Normally you set just the users you want to have rdp access and leave it at that.

"...wouldn't they?" No. Just the opposite.
"...including the router?" Again just the opposite

What's your ip is showing you is your outbound wan ip. You need to block inbound wan ip.


----------



## lool123 (Oct 20, 2009)

*Re: Problem creating a firewall deny rule*

We are several users using it, and some us have have got dynamic IP addresses too, so setting only who can access it could potentially be a bad thing if we need to log onto the server from a computer or network which isn't our own.

I have better time now, and can explain better instead of just saying "This guide explains what i've done" - The guide was accurate though, but it's still better to hear it from me what i've done.

I entered administrative tools-> Windows firewall with advanced security 
Then navigated to Inbound Rules, and selected "New Rule...".

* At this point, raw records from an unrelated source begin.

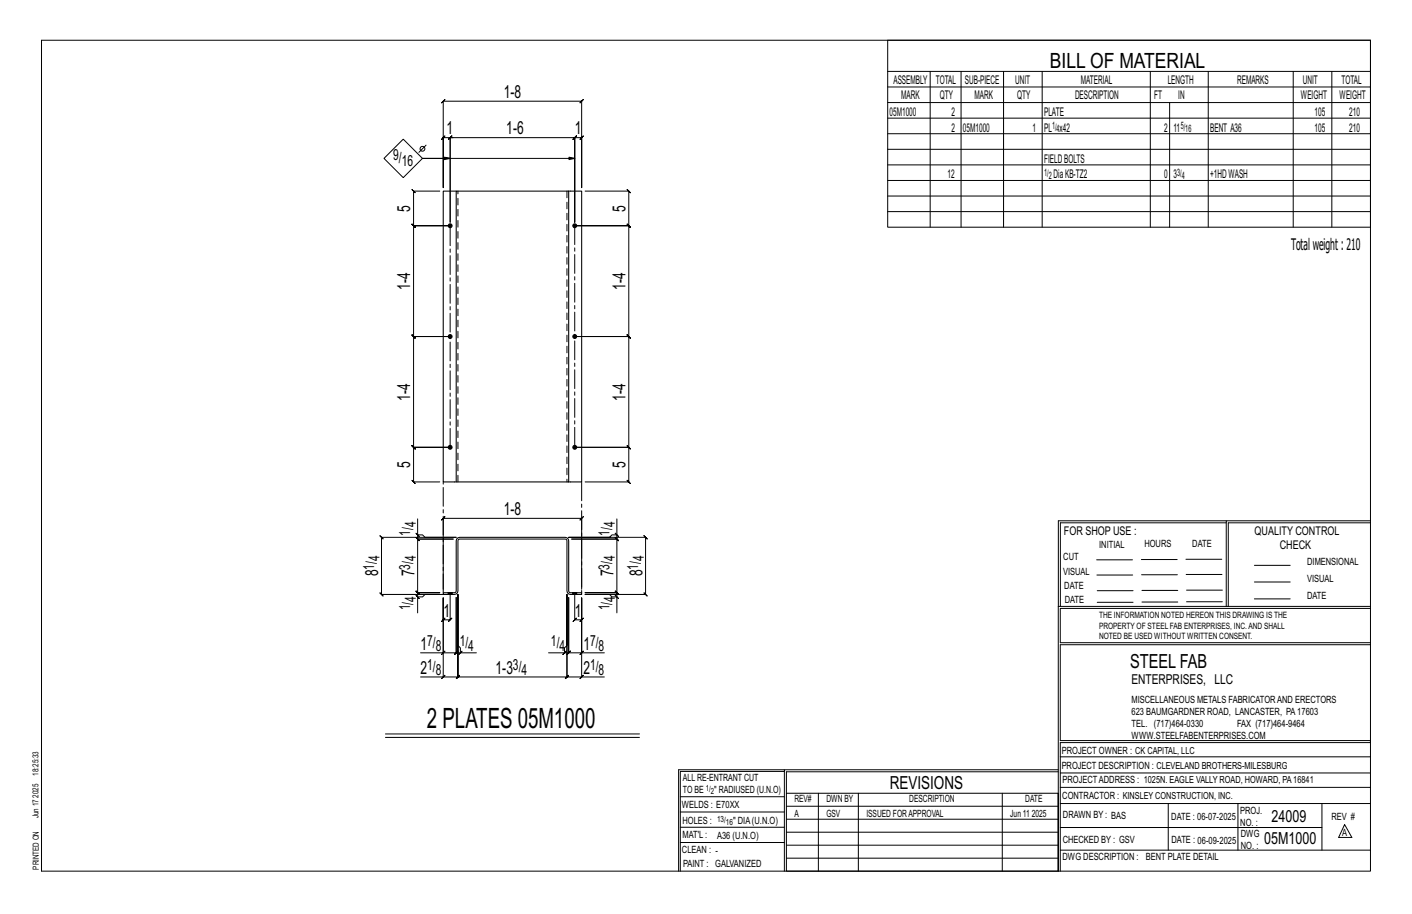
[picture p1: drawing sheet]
<svg xmlns="http://www.w3.org/2000/svg" width="432mm" height="279mm" viewBox="0 0 432 279" stroke-linecap="round" stroke-linejoin="round" font-family="sans-serif">
<g fill="none" stroke="#000" stroke-width=".31">
<path d="M12.7 12.3h406.4v254h-406.4zM271.5 12.3h147.6v57.2h-147.6zM271.5 21.8h147.6M271.5 26.6h147.6M271.5 31.4h147.6M271.5 36.1h147.6M284.5 21.8v47.7M293.9 21.8v47.7M306.9 21.8v47.7M318.7 21.8v47.7M351.8 21.8v47.7M357.7 31.4v38.1"/>
<path d="M369.5 21.8v47.7M395.5 21.8v47.7M407.3 21.8v47.7M117.4 48.4l5.9-5.9 5.9 5.9-5.9 5.9zM130.3 44.4l-2.2 2.2M134.5 58.4h-8l-.5-.5 1 1-.5-.5v10.6l-.5-.5 1 1-.5-.5h11.2h-11.2l-.5-.5 1 1-.5-.5v33.9l-.5-.5 1 1-.5-.5h11.2h-11.2l-.5-.5 1 1-.5-.5v33.8l-.5-.5 1 1-.5-.5h11.2h-11.2l-.5-.5 1 1-.5-.5v10.6l-.5-.5 1 1-.5-.5h8M137.7 42.1l.5-.5-1 1zM137.7 42.1l-.5 .5 1-1zM137.7 42.1h38.1l-.5 .5 1-1-.5 .5v25.8v-25.8l-.5 .5 1-1-.5 .5h2.1l-.5 .5 1-1-.5 .5v15.3v-26.5l.5-.5-1 1 .5-.5h-42.4l.5-.5-1 1 .5-.5v26.5v-15.3l-.5 .5 1-1-.5 .5h2.2v25.8v-25.8h.9M137.7 48.4l-1.8-.4v.8l1.8-.4h-8.5h46.6l-1.8 .4v-.8l1.8 .4M178.9 58.4h13.4l-.5-.5 1 1-.5-.5v10.6l-.5-.5 1 1-.5-.5h-16.5h16.5l-.5-.5 1 1-.5-.5v33.9l-.5-.5 1 1-.5-.5h-16.5h16.5l-.5-.5 1 1-.5-.5v33.8l-.5-.5 1 1-.5-.5h-16.5h16.5l-.5-.5 1 1-.5-.5v10.6l-.5-.5 1 1-.5-.5h-13.4M271.5 40.9h147.6"/>
<path d="M271.5 45.6h147.6M271.5 50.4h147.6M271.5 55.2h147.6M271.5 59.9h147.6M271.5 64.7h147.6M127.7 158.6v4.9h1.5l.8 .8h9.5h-22.8l-.5-.5 1 1-.5-.5v17.4l-.5-.5 1 1-.5-.5h17.8M188.6 158.6v4.9h-1.5l-.7 .8h-12.5h23.5l-.5-.5 1 1-.5-.5v17.4l-.5-.5 1 1-.5-.5h-18.5h7.5l.7 .8h1.5v4.9M375 159.8h-50.7v25.6M375 159.2h-51.3l-.1 107.1M419.1 159.2h-44.1v26.2M419.1 159.8h-43.5v25.6M127.2 163l1 1z"/>
<path d="M127.7 163.5v1.3l-.5-.5 1 1-.5-.5h10.9h-10.9l-.5-.5 1 1-.5-.5v16.4l-.5-.5 1 1-.5-.5h6.8h-6.8l-.5-.5 1 1-.5-.5v1.3M188.1 163l1 1zM188.6 163.5v1.3l-.5-.5 1 1-.5-.5h-13.8h13.8l-.5-.5 1 1-.5-.5v16.4l-.5-.5 1 1-.5-.5h-9.7h9.7l-.5-.5 1 1-.5-.5v1.3M335.4 171.1h10.9M335.4 175.8h11M349 171h11M349.1 175.7h11M362.7 171h10.9M362.7 175.6h11M383.6 172.8h11M383.6 177.9h11M127.2 182l1 1z"/>
<path d="M127.7 187.4v-4.9h1.5l.8-.8h7.7v7.8l.5-.5-1 1 .5-.5h-2.2l.5-.5-1 1 .5-.5v-6.7v16.8h-6.9M135.5 199.6h4l-.5 .5 1-1-.5 .5v-17v17l-.5 .5 1-1-.5 .5h1.3M135.5 182.8v24.1h-6.9M135.5 180.1v-21.6l-.5 .5 1-1-.5 .5h42.4l-.5 .5 1-1-.5 .5v21.6M140 181.7v15.6l.8 .8v1.5h4.9M167.7 199.6h4.9v-1.5l.8-.8v-15.6v25.2l-.5 .5 1-1-.5 .5h4.5M172.6 199.6h1.3l-.5 .5 1-1-.5 .5v-17v17l-.5 .5 1-1-.5 .5h4M173.4 181.7v25.2l.5-.5-1 1 .5-.5h-33.4l.5-.5-1 1 .5-.5v-25.2v25.2l.5-.5-1 1 .5-.5h-4.5M175.8 181.7v7.8l-.5 .5 1-1-.5 .5h2.1l-.5 .5 1-1-.5 .5v-6.7M184.8 199.6h-6.9v-16.8v24.1h6.9M188.1 182l1 1zM323.7 185.4h95.4"/>
<path d="M335.5 184.1h11M335.5 180.6h11M349.2 184h11M349.2 180.5h11M362.9 180.4h10.9M362.9 184h10.9M383.6 183.1h11M419.1 186h-94.9v10.5h94.9M419.1 197.1h-94.9v29.3h94.9v.6h-94.9v39.3M135 200.1l1-1zM135 207.4l1-1zM140.3 200.1l1-1z"/>
<path d="M172.1 200.1l1-1zM177.4 207.4l1-1zM177.4 200.1l1-1zM117.9 224.4h77.7M117.9 225.4h77.7M239.9 235.8h-31.9v30.5M239.9 235.3h-32.4v31M323.6 235.3h-83.7v31M323.6 235.9h-83.1v6.6M324.2 236.3h94.9M324.2 231.4h94.9M208 252.9h31.9"/>
<path d="M208 257.5h31.9M208 243.6h31.9M208 248.2h31.9M240.5 242.5h83.1v23.8h-83.1zM240.5 258.4h83.1M240.5 254.4h83.1M240.5 250.4h83.1M240.5 246.5h83.1M250.3 242.5v23.8M262.5 242.5v23.8M306.5 242.5v23.8M324.2 253h80.1"/>
<path d="M324.2 245.6h94.9M324.2 259.9h94.9M324.2 240.7h94.9M357.3 245.6v14.3M378.6 245.6v14.3M404.3 245.6v14.3M411.2 252.1l2.2 3.9h-4zM240.5 262.3h83.1"/>
<circle cx="129.2" cy="45.5" r=".74"/>
</g>
<g fill="#000" stroke="#000" stroke-width=".31">
<circle cx="137.7" cy="69" r=".6"/>
<circle cx="175.8" cy="69" r=".6"/>
<circle cx="137.7" cy="102.9" r=".6"/>
<circle cx="175.8" cy="102.9" r=".6"/>
<circle cx="137.7" cy="136.7" r=".6"/>
<circle cx="175.8" cy="136.7" r=".6"/>
</g>
<path d="M139.5 58.4h-4v88.9h38.4v-88.9h-34.4v88.9M173.9 58.4h4v88.9h-4M139.7 164.8l.9-.5 32.8 .1 .5 .9v15.4l.5 .5h3.5v.5h-3.5l-.9-.5-.1-15.9-.6-.5-32.5 .1-.3 .4-.1 15.9-.9 .5h-3.5v-.5h3.5l.5-.5zM137.1 181.2h.1M137.1 181.7h.1M138.3 181.2h.1M138.3 181.7h.1M175.2 181.2h.1M175.2 181.7h.1M176.4 181.2h.1M176.4 181.7h.1" fill="none" stroke="#000" stroke-width=".32"/>
<g fill="none" stroke="#000" stroke-width=".31" stroke-dasharray="2 1.4">
<path d="M173.4 58.4v88.9M140 147.3v-88.9M137.1 181.2v.5M137.1 181.2h.1M137.2 181.2l-.1 .5M137.4 181.2h-.2l-.1 .5M137.7 181.2h.2v.5h-.2zM137.7 181.2h-.3v.5h-.2M137.7 181.7h-.3M137.9 181.2h.2v.5h-.2M138.1 181.2v.5M138.2 181.2h.1"/>
<path d="M138.3 181.7h-.1M138.3 181.7v-.5M175.2 181.2v.5M175.2 181.2h.1M175.3 181.2l-.1 .5M175.5 181.2h-.2l-.1 .5M175.8 181.2h.2v.5h-.2zM175.8 181.2h-.3v.5h-.2M175.8 181.7h-.3M176 181.2h.2v.5h-.2M176.2 181.2v.5M176.3 181.2h.1"/>
<path d="M176.4 181.7h-.1M176.4 181.7v-.5"/>
</g>
<path d="M175.8 69v67.7M137.7 136.7v-67.7M177.9 147.3v33.9M135.5 181.2v-33.9" fill="none" stroke="#000" stroke-width=".31" stroke-dasharray="5.8 1 1 1"/>
<text font-size="8.6" x="130.6" y="222.4">2 PLATES 05M1000</text>
<text font-size="6.4" x="321.1" y="20.7">BILL OF MATERIAL</text>
<text font-size="5.9" x="345.6" y="204.1">STEEL FAB</text>
<g font-size="5.5">
<text x="154" y="29.9">1-8</text>
<text x="136.5" y="41.1">1</text>
<text x="154.8" y="41.1">1-6</text>
<text x="175.8" y="41.1">1</text>
<text x="125.5" y="64.7" transform="rotate(-90 125.5 64.7)">5</text>
<text x="191.3" y="64.7" transform="rotate(-90 191.3 64.7)">5</text>
<text x="125.5" y="88.6" transform="rotate(-90 125.5 88.6)">1-4</text>
<text x="191.3" y="88.6" transform="rotate(-90 191.3 88.6)">1-4</text>
<text x="125.5" y="122.5" transform="rotate(-90 125.5 122.5)">1-4</text>
<text x="191.3" y="122.5" transform="rotate(-90 191.3 122.5)">1-4</text>
<text x="125.5" y="143.1" transform="rotate(-90 125.5 143.1)">5</text>
<text x="191.3" y="143.1" transform="rotate(-90 191.3 143.1)">5</text>
<text x="154" y="157.5">1-8</text>
<text x="115.7" y="176.2" transform="rotate(-90 115.7 176.2)">8</text>
<text x="126.7" y="176.2" transform="rotate(-90 126.7 176.2)">7</text>
<text x="187.7" y="176.2" transform="rotate(-90 187.7 176.2)">7</text>
<text x="196.4" y="176.2" transform="rotate(-90 196.4 176.2)">8</text>
<text x="135.6" y="188.5">1</text>
<text x="175.8" y="188.5">1</text>
<text x="128.6" y="198.6">1</text>
<text x="178.4" y="198.6">1</text>
<text x="128.6" y="206">2</text>
<text x="151.5" y="206">1-3</text>
<text x="178.4" y="206">2</text>
<text x="272.2" y="241.1">REVISIONS</text>
</g>
<g font-size="5.1">
<text x="388.9" y="251.3">24009</text>
<text x="386.6" y="258.1">05M1000</text>
</g>
<text font-size="4.9" x="394.8" y="76.4">Totalweight : 210</text>
<g font-size="4.7">
<text x="120.3" y="49">9/</text>
<text x="122.9" y="50.6">16</text>
<text x="127.1" y="161.1" transform="rotate(-90 127.1 161.1)">4</text>
<text x="188.1" y="161.1" transform="rotate(-90 188.1 161.1)">4</text>
<text x="125.5" y="163.7" transform="rotate(-90 125.5 163.7)">1/</text>
<text x="186.4" y="163.7" transform="rotate(-90 186.4 163.7)">1/</text>
<text x="116.1" y="171.5" transform="rotate(-90 116.1 171.5)">4</text>
<text x="127.1" y="171.5" transform="rotate(-90 127.1 171.5)">4</text>
<text x="188.1" y="171.5" transform="rotate(-90 188.1 171.5)">4</text>
<text x="196.8" y="171.5" transform="rotate(-90 196.8 171.5)">4</text>
<text x="114.4" y="174.1" transform="rotate(-90 114.4 174.1)">1/</text>
<text x="125.5" y="174.1" transform="rotate(-90 125.5 174.1)">3/</text>
<text x="186.4" y="174.1" transform="rotate(-90 186.4 174.1)">3/</text>
<text x="195.2" y="174.1" transform="rotate(-90 195.2 174.1)">1/</text>
<text x="127.1" y="184" transform="rotate(-90 127.1 184)">4</text>
<text x="188.1" y="184" transform="rotate(-90 188.1 184)">4</text>
<text x="125.5" y="186.6" transform="rotate(-90 125.5 186.6)">1/</text>
<text x="186.4" y="186.6" transform="rotate(-90 186.4 186.6)">1/</text>
<text x="130.7" y="197.3">7/</text>
<text x="140.6" y="197.3">1/</text>
<text x="168.5" y="197.3">1/</text>
<text x="180.5" y="197.3">7/</text>
<text x="133.3" y="199">8</text>
<text x="143.2" y="199">4</text>
<text x="171.1" y="199">4</text>
<text x="183.1" y="199">8</text>
<text x="130.7" y="204.7">1/</text>
<text x="133.3" y="206.4">8</text>
<text x="156.9" y="204.7">3/</text>
<text x="159.5" y="206.4">4</text>
<text x="180.5" y="204.7">1/</text>
<text x="183.1" y="206.4">8</text>
</g>
<text font-size="4.2" x="346" y="209.1">ENTERPRISES, LLC</text>
<g font-size="3.7">
<text x="273.2" y="25.6">ASSEMBLY</text>
<text x="286.2" y="25.6">TOTAL</text>
<text x="295.1" y="25.6">SUB-PIECE</text>
<text x="310.4" y="25.6">UNIT</text>
<text x="330.5" y="25.6">MATERIAL</text>
<text x="357.1" y="25.6">LENGTH</text>
<text x="378.3" y="25.6">REMARKS</text>
<text x="398.4" y="25.6">UNIT</text>
<text x="410.2" y="25.6">TOTAL</text>
<text x="272.1" y="35.5">05M1000</text>
<text x="275.6" y="30.4">MARK</text>
<text x="287.4" y="30.4">QTY</text>
<text x="290.9" y="35.5">2</text>
<text x="298" y="30.4">MARK</text>
<text x="311" y="30.4">QTY</text>
<text x="319.3" y="35.5">PLATE</text>
<text x="328.7" y="30.4">DESCRIPTION</text>
<text x="353" y="30.4">FT</text>
<text x="360.3" y="30.4">IN</text>
<text x="397.8" y="30.4">WEIGHT</text>
<text x="402" y="35.5">105</text>
<text x="409.6" y="30.4">WEIGHT</text>
<text x="412.6" y="35.5">210</text>
<text x="290.9" y="40.2">2</text>
<text x="294.5" y="40.2">05M1000</text>
<text x="315.8" y="40.2">1</text>
<text x="319.3" y="40.2">PL x42</text>
<text x="356" y="40.2">2</text>
<text x="358.9" y="40.2">11</text>
<text x="370.1" y="40.2">BENT A36</text>
<text x="402" y="40.2">105</text>
<text x="412.6" y="40.2">210</text>
<text x="319.3" y="49.7">FIELDBOLTS</text>
<text x="289.8" y="54.5">12</text>
<text x="322.2" y="54.5">DiaKB-TZ2</text>
<text x="356" y="54.5">0</text>
<text x="358.9" y="54.5">3</text>
<text x="370.1" y="54.5">+1HDWASH</text>
<text x="325.3" y="163.4">FOR SHOP USE :</text>
<text x="383.7" y="163.4">QUALITY CONTROL</text>
<text x="391.4" y="167.8">CHECK</text>
</g>
<g font-size="3.1">
<text x="321.7" y="39.4">1/</text>
<text x="323.1" y="40.5">4</text>
<text x="361.1" y="39.4">5/</text>
<text x="362.5" y="40.5">16</text>
<text x="319.3" y="53.7">1/</text>
<text x="360" y="53.7">3/</text>
<text x="320.7" y="54.8">2</text>
<text x="361.4" y="54.8">4</text>
<text x="336.2" y="167.4">INITIAL</text>
<text x="350" y="167.1">HOURS</text>
<text x="364.6" y="167.2">DATE</text>
<text x="325.2" y="171.3">CUT</text>
<text x="399.8" y="172.8">DIMENSIONAL</text>
<text x="325.1" y="175.8">VISUAL</text>
<text x="399.8" y="177.9">VISUAL</text>
<text x="325.5" y="180">DATE</text>
<text x="325.7" y="184.4">DATE</text>
<text x="399.8" y="183.1">DATE</text>
<text x="346" y="215">MISCELLANEOUS METALS FABRICATORAND ERECTORS</text>
<text x="346" y="218.6">623 BAUMGARDNER ROAD, LANCASTER, PA17603</text>
<text x="346" y="225.8">WWW.STEELFABENTERPRISES.COM</text>
<text x="346" y="222.2">TEL. (717)464-0330</text>
<text x="378.3" y="222.2">FAX (717)464-9464</text>
<text x="324.7" y="230.5">PROJECT OWNER : CK CAPITAL, LLC</text>
<text x="208.8" y="238.8">ALL RE-ENTRANT CUT</text>
<text x="324.7" y="235.1">PROJECT DESCRIPTION : CLEVELAND BROTHERS-MILESBURG</text>
<text x="324.9" y="239.5">PROJECTADDRESS : 1025N. EAGLE VALLY ROAD, HOWARD, PA16841</text>
<text x="208.8" y="242.5">TO BE</text>
<text x="218.4" y="242.5">&quot; RADIUSED (U.N.O)</text>
<text x="242.9" y="245.3">REV#</text>
<text x="252.7" y="245.3">DWN BY</text>
<text x="278.1" y="245.3">DESCRIPTION</text>
<text x="313.5" y="245.3">DATE</text>
<text x="324.9" y="244.2">CONTRACTOR : KINSLEY CONSTRUCTION, INC.</text>
<text x="208.5" y="247">WELDS : E70XX</text>
<text x="208.7" y="251.7">HOLES :</text>
<text x="224.2" y="251.8">&quot; DIA(U.N.O)</text>
<text x="242.9" y="249.9">A</text>
<text x="252.7" y="249.9">GSV</text>
<text x="264.9" y="249.9">ISSUED FORAPPROVAL</text>
<text x="309" y="249.9">Jun 11</text>
<text x="315.5" y="249.9">2025</text>
<text x="325.1" y="250">DRAWN BY : BAS</text>
<text x="358.2" y="250.5">DATE : 06-07-2025</text>
<text x="379.3" y="248.9">PROJ.</text>
<text x="407.2" y="250.5">REV #</text>
<text x="208.7" y="256.3">MAT'L :</text>
<text x="219.3" y="256.4">A36 (U.N.O)</text>
<text x="325" y="257.6">CHECKED BY : GSV</text>
<text x="358.3" y="257.7">DATE : 06-09-2025</text>
<text x="379.3" y="252.5">NO. :</text>
<text x="379.5" y="255.9">DWG</text>
<text x="410.5" y="255.5">A</text>
<text x="208.6" y="260.7">CLEAN : -</text>
<text x="324.9" y="262.9">DWG DESCRIPTION :</text>
<text x="350.4" y="263">BENT PLATE DETAIL</text>
<text x="379.5" y="259.5">NO. :</text>
<text x="208.9" y="265">PAINT : GALVANIZED</text>
</g>
<g font-size="2.7">
<text x="336.1" y="189">THE INFORMATION NOTED HEREON THIS DRAWING IS THE</text>
<text x="336.1" y="195.4">NOTED BE USED WITHOUT WRITTEN CONSENT.</text>
<text x="336.1" y="192.2">PROPERTY OF STEEL FAB ENTERPRISES, INC.AND SHALL</text>
</g>
<g font-size="2.6">
<text x="215.9" y="241.8">1/</text>
<text x="217.4" y="242.7">2</text>
<text x="219.3" y="251.1">13/</text>
<text x="222" y="252.1">16</text>
</g>
<g font-size="2.5">
<text x="11.7" y="237.1" transform="rotate(-90 11.7 237.1)">18:25:33</text>
<text x="11.8" y="243.8" transform="rotate(-90 11.8 243.8)">2025</text>
<text x="11.8" y="250.1" transform="rotate(-90 11.8 250.1)">Jun 17</text>
<text x="11.9" y="265.8" transform="rotate(-90 11.9 265.8)">PRINTED ON</text>
</g>
</svg>

I select custom rule, and hit next...
I select all programs and all services and hit next...
I select TCP protocol type, and local port 3389, and "Any port" on remote port, and hit next...
On the scope screen i select "These IP addresses" on both local and remote, and enter "3.3.3.3" in local, and the ip of some chinese hacker in the remote ip, and hit next...
Then on action i select "Block the connection", and hit next...
Then i select Domain, Private, Public networks for the rule to apply to, and hit next...
Then i give the rule a name, and hit finish.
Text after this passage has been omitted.